[Task prompt]
Write out word for word each line of the records, beginning at the first and stopping after the line with "#11=(NAMED_UNIT(*) PLANE_ANGLE_UNIT() SI_UNIT($,.RADIAN.));". Leave the pictures out.

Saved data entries
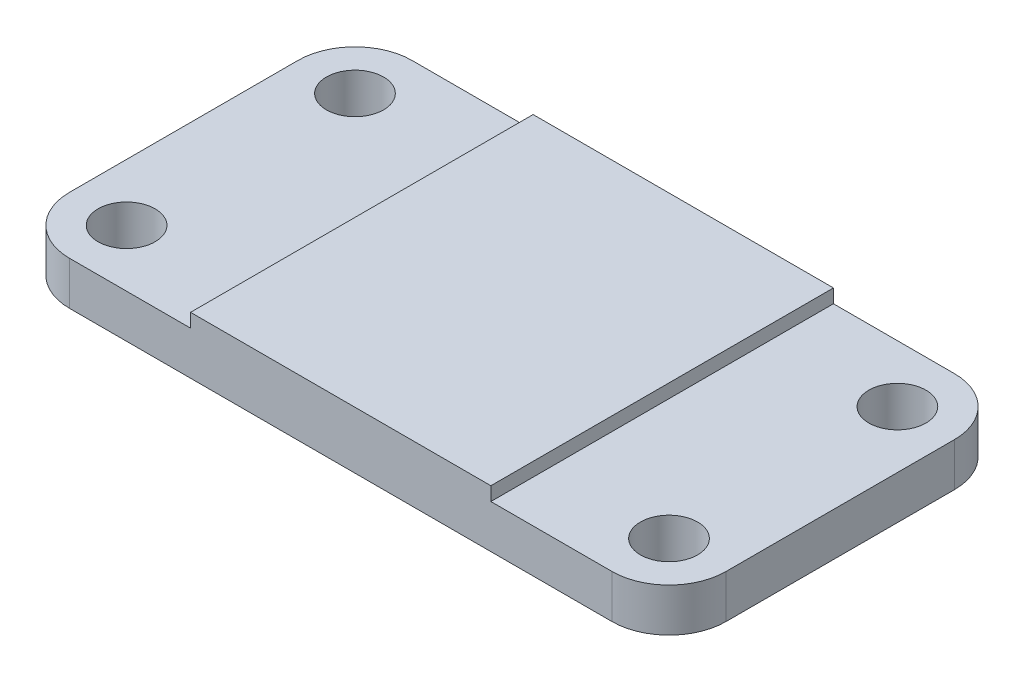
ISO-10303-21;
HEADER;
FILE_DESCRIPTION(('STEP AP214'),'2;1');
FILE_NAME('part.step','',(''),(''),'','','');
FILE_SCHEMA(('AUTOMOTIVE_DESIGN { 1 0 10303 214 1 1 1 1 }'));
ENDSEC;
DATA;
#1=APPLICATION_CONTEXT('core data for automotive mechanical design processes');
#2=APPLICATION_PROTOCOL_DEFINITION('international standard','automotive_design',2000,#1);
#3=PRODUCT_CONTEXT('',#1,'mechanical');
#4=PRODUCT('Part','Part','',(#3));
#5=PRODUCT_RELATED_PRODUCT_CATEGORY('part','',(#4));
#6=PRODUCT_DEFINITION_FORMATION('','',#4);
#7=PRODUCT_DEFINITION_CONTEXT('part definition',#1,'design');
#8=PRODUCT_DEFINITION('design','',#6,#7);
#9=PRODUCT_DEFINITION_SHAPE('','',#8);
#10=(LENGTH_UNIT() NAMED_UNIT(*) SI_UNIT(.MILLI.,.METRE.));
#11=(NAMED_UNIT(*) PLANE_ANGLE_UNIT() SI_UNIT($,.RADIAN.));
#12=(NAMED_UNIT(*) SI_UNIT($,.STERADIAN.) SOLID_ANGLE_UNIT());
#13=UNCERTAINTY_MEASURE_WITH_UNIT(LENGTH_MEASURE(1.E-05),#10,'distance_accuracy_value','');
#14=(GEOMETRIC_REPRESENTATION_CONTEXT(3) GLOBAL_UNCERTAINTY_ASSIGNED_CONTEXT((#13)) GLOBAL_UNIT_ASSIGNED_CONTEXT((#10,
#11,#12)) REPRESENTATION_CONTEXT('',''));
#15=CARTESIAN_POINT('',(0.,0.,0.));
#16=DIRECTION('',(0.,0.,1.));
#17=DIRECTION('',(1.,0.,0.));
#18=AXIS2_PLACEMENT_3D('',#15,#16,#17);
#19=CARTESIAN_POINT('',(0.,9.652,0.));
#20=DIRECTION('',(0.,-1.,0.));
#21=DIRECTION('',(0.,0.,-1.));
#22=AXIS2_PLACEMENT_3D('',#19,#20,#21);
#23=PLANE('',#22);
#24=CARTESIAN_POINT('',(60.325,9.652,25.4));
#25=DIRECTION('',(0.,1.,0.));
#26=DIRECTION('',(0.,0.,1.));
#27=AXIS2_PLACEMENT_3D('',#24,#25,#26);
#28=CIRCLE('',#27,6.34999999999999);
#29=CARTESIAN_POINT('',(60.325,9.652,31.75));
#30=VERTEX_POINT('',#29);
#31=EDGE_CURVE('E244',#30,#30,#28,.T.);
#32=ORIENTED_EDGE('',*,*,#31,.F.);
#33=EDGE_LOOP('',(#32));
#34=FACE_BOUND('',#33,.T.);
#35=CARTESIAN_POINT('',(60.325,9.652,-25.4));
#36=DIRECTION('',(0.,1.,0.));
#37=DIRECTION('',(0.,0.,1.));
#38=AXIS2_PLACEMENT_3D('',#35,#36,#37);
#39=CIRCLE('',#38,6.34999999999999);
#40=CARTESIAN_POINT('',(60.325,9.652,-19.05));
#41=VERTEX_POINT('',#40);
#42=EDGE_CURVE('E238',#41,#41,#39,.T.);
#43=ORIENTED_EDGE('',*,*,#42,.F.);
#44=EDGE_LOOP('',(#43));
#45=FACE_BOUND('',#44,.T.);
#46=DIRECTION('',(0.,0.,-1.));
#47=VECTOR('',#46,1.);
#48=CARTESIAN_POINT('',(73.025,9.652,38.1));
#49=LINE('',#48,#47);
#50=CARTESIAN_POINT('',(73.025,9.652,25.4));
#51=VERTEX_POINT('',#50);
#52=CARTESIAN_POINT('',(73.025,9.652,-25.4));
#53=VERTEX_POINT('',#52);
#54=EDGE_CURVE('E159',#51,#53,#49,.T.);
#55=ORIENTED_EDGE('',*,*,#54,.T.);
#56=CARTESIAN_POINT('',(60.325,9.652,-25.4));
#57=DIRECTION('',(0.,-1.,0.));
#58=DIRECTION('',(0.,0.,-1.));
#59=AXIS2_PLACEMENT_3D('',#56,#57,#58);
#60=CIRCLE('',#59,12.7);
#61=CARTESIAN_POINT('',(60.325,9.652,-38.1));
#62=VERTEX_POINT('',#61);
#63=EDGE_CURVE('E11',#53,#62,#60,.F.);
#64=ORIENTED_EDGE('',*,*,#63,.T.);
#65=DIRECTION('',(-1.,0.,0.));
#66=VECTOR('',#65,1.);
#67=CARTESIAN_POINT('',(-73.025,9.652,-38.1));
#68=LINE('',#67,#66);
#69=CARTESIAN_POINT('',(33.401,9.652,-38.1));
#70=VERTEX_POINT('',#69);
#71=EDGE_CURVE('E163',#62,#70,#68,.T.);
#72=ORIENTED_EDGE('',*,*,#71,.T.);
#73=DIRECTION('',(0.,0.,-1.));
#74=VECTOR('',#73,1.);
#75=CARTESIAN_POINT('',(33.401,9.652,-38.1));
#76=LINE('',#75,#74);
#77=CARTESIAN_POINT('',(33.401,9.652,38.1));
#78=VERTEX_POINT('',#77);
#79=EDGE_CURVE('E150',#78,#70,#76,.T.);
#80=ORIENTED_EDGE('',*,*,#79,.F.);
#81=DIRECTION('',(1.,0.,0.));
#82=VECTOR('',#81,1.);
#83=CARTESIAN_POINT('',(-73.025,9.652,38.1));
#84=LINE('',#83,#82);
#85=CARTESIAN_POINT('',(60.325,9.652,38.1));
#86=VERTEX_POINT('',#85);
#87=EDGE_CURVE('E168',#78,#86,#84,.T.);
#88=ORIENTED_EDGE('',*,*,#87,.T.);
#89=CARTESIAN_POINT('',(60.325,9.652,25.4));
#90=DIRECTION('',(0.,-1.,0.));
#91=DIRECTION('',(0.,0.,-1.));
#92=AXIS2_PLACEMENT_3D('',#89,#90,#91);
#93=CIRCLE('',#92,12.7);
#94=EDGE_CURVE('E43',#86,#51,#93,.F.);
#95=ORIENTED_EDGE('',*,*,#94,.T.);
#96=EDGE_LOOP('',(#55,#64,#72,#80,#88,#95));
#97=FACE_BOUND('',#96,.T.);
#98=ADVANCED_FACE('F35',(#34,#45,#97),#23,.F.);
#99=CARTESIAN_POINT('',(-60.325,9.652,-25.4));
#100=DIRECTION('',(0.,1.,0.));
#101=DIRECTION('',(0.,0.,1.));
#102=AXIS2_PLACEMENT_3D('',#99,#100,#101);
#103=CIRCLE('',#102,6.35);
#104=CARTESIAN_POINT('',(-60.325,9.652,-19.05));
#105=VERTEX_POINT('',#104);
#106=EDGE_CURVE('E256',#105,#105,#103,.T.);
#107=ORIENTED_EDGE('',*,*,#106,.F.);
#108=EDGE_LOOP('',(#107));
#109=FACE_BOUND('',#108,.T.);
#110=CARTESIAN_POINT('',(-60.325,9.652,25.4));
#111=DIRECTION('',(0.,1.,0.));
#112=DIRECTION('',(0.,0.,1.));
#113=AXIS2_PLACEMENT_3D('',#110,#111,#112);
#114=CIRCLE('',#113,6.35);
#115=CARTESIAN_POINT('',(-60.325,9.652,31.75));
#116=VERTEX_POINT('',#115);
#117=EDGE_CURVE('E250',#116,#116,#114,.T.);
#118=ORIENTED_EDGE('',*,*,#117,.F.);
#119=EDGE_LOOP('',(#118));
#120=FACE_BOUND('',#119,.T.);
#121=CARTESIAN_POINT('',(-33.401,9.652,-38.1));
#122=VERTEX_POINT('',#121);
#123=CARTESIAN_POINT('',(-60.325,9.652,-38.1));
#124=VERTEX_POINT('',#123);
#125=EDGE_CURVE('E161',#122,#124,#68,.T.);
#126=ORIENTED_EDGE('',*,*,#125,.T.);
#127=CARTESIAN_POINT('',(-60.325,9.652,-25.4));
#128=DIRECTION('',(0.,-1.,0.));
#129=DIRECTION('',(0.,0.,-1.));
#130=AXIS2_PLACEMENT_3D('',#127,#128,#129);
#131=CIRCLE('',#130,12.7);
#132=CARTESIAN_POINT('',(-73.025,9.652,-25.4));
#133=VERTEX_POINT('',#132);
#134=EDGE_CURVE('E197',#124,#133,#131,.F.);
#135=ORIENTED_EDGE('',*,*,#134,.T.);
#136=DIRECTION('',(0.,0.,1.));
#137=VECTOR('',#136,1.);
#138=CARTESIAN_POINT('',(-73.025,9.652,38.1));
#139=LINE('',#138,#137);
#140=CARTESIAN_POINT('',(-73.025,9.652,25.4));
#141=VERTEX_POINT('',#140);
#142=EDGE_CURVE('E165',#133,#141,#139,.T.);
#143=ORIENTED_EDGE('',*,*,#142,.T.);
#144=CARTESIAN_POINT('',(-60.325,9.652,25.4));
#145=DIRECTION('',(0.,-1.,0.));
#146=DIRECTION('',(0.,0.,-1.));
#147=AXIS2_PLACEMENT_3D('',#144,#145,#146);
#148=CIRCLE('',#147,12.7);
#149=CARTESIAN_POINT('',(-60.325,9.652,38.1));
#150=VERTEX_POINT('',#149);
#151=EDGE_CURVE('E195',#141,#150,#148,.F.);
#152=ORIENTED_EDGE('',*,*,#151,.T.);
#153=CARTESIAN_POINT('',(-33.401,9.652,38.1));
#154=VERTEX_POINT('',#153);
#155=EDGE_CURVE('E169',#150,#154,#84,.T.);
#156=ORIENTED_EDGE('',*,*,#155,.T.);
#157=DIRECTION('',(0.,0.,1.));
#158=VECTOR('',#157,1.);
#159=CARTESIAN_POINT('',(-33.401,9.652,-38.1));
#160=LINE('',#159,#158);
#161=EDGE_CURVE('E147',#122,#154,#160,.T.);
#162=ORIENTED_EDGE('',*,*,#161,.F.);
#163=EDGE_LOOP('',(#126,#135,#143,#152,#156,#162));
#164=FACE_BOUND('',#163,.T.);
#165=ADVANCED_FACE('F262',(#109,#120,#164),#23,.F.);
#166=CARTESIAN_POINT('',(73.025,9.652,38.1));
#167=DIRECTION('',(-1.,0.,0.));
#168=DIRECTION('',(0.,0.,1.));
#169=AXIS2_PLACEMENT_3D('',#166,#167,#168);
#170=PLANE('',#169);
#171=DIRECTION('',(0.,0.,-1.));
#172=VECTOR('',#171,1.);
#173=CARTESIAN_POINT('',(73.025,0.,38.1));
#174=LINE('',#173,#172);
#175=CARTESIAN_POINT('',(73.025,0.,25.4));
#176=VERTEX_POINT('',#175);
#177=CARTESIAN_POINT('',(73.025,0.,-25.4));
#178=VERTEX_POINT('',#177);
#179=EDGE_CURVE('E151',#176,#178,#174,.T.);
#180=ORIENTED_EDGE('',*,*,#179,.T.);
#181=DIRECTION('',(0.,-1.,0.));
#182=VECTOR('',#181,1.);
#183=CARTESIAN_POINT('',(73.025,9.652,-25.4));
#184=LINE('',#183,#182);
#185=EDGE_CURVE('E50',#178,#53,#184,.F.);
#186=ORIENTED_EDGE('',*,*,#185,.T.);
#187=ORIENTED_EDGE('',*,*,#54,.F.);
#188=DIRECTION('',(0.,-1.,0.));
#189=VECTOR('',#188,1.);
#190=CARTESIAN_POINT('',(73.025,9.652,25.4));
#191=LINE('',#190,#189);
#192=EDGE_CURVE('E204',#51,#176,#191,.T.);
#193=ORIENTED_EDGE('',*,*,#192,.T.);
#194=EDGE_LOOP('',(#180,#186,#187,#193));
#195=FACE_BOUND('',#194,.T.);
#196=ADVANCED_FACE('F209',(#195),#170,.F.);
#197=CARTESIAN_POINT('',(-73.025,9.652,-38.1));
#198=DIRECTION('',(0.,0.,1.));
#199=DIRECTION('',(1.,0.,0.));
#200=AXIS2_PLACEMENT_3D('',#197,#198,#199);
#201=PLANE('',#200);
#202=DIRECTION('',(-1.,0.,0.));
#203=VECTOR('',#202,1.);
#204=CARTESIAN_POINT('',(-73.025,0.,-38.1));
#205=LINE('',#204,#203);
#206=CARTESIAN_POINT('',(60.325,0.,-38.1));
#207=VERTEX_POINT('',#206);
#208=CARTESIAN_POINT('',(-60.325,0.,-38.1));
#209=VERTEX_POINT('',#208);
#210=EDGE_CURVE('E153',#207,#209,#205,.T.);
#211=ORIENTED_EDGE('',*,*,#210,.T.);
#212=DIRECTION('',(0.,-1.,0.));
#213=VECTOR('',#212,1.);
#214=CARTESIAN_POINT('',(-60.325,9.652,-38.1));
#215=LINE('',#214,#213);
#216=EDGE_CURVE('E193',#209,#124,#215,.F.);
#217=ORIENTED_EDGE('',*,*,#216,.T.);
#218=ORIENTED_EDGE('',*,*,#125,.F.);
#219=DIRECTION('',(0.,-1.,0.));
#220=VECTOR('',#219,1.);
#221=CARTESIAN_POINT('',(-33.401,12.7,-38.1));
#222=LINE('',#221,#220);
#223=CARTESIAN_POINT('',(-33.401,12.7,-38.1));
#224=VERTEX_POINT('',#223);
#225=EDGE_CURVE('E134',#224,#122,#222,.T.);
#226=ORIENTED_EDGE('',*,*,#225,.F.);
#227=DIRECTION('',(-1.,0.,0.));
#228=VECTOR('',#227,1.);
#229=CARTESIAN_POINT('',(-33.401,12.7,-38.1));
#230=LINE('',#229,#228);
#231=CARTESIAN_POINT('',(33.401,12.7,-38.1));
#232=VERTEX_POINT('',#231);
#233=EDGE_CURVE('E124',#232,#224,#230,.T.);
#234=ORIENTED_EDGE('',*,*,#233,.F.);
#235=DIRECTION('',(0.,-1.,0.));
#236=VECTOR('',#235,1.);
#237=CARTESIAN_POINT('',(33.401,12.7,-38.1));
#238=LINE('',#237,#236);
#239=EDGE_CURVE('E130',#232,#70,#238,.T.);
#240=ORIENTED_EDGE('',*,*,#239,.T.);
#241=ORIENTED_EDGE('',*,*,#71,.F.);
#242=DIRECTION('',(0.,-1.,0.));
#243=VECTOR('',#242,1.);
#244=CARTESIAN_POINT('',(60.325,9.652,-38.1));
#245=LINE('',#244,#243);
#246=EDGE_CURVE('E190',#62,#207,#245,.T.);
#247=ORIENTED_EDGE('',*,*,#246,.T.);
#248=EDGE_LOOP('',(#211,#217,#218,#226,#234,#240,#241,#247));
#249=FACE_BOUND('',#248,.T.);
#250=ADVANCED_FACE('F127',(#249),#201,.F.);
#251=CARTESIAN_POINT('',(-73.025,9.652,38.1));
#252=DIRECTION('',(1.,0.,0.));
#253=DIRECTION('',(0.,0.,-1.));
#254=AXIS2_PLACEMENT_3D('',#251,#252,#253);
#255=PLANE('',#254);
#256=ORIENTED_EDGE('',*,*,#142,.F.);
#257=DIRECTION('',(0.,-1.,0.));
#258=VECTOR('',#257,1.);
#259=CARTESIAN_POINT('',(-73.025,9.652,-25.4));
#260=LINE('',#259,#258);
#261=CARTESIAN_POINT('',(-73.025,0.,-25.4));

[Finished exercise]
ISO-10303-21;
HEADER;
FILE_DESCRIPTION(('STEP AP214'),'2;1');
FILE_NAME('part.step','',(''),(''),'','','');
FILE_SCHEMA(('AUTOMOTIVE_DESIGN { 1 0 10303 214 1 1 1 1 }'));
ENDSEC;
DATA;
#1=APPLICATION_CONTEXT('core data for automotive mechanical design processes');
#2=APPLICATION_PROTOCOL_DEFINITION('international standard','automotive_design',2000,#1);
#3=PRODUCT_CONTEXT('',#1,'mechanical');
#4=PRODUCT('Part','Part','',(#3));
#5=PRODUCT_RELATED_PRODUCT_CATEGORY('part','',(#4));
#6=PRODUCT_DEFINITION_FORMATION('','',#4);
#7=PRODUCT_DEFINITION_CONTEXT('part definition',#1,'design');
#8=PRODUCT_DEFINITION('design','',#6,#7);
#9=PRODUCT_DEFINITION_SHAPE('','',#8);
#10=(LENGTH_UNIT() NAMED_UNIT(*) SI_UNIT(.MILLI.,.METRE.));
#11=(NAMED_UNIT(*) PLANE_ANGLE_UNIT() SI_UNIT($,.RADIAN.));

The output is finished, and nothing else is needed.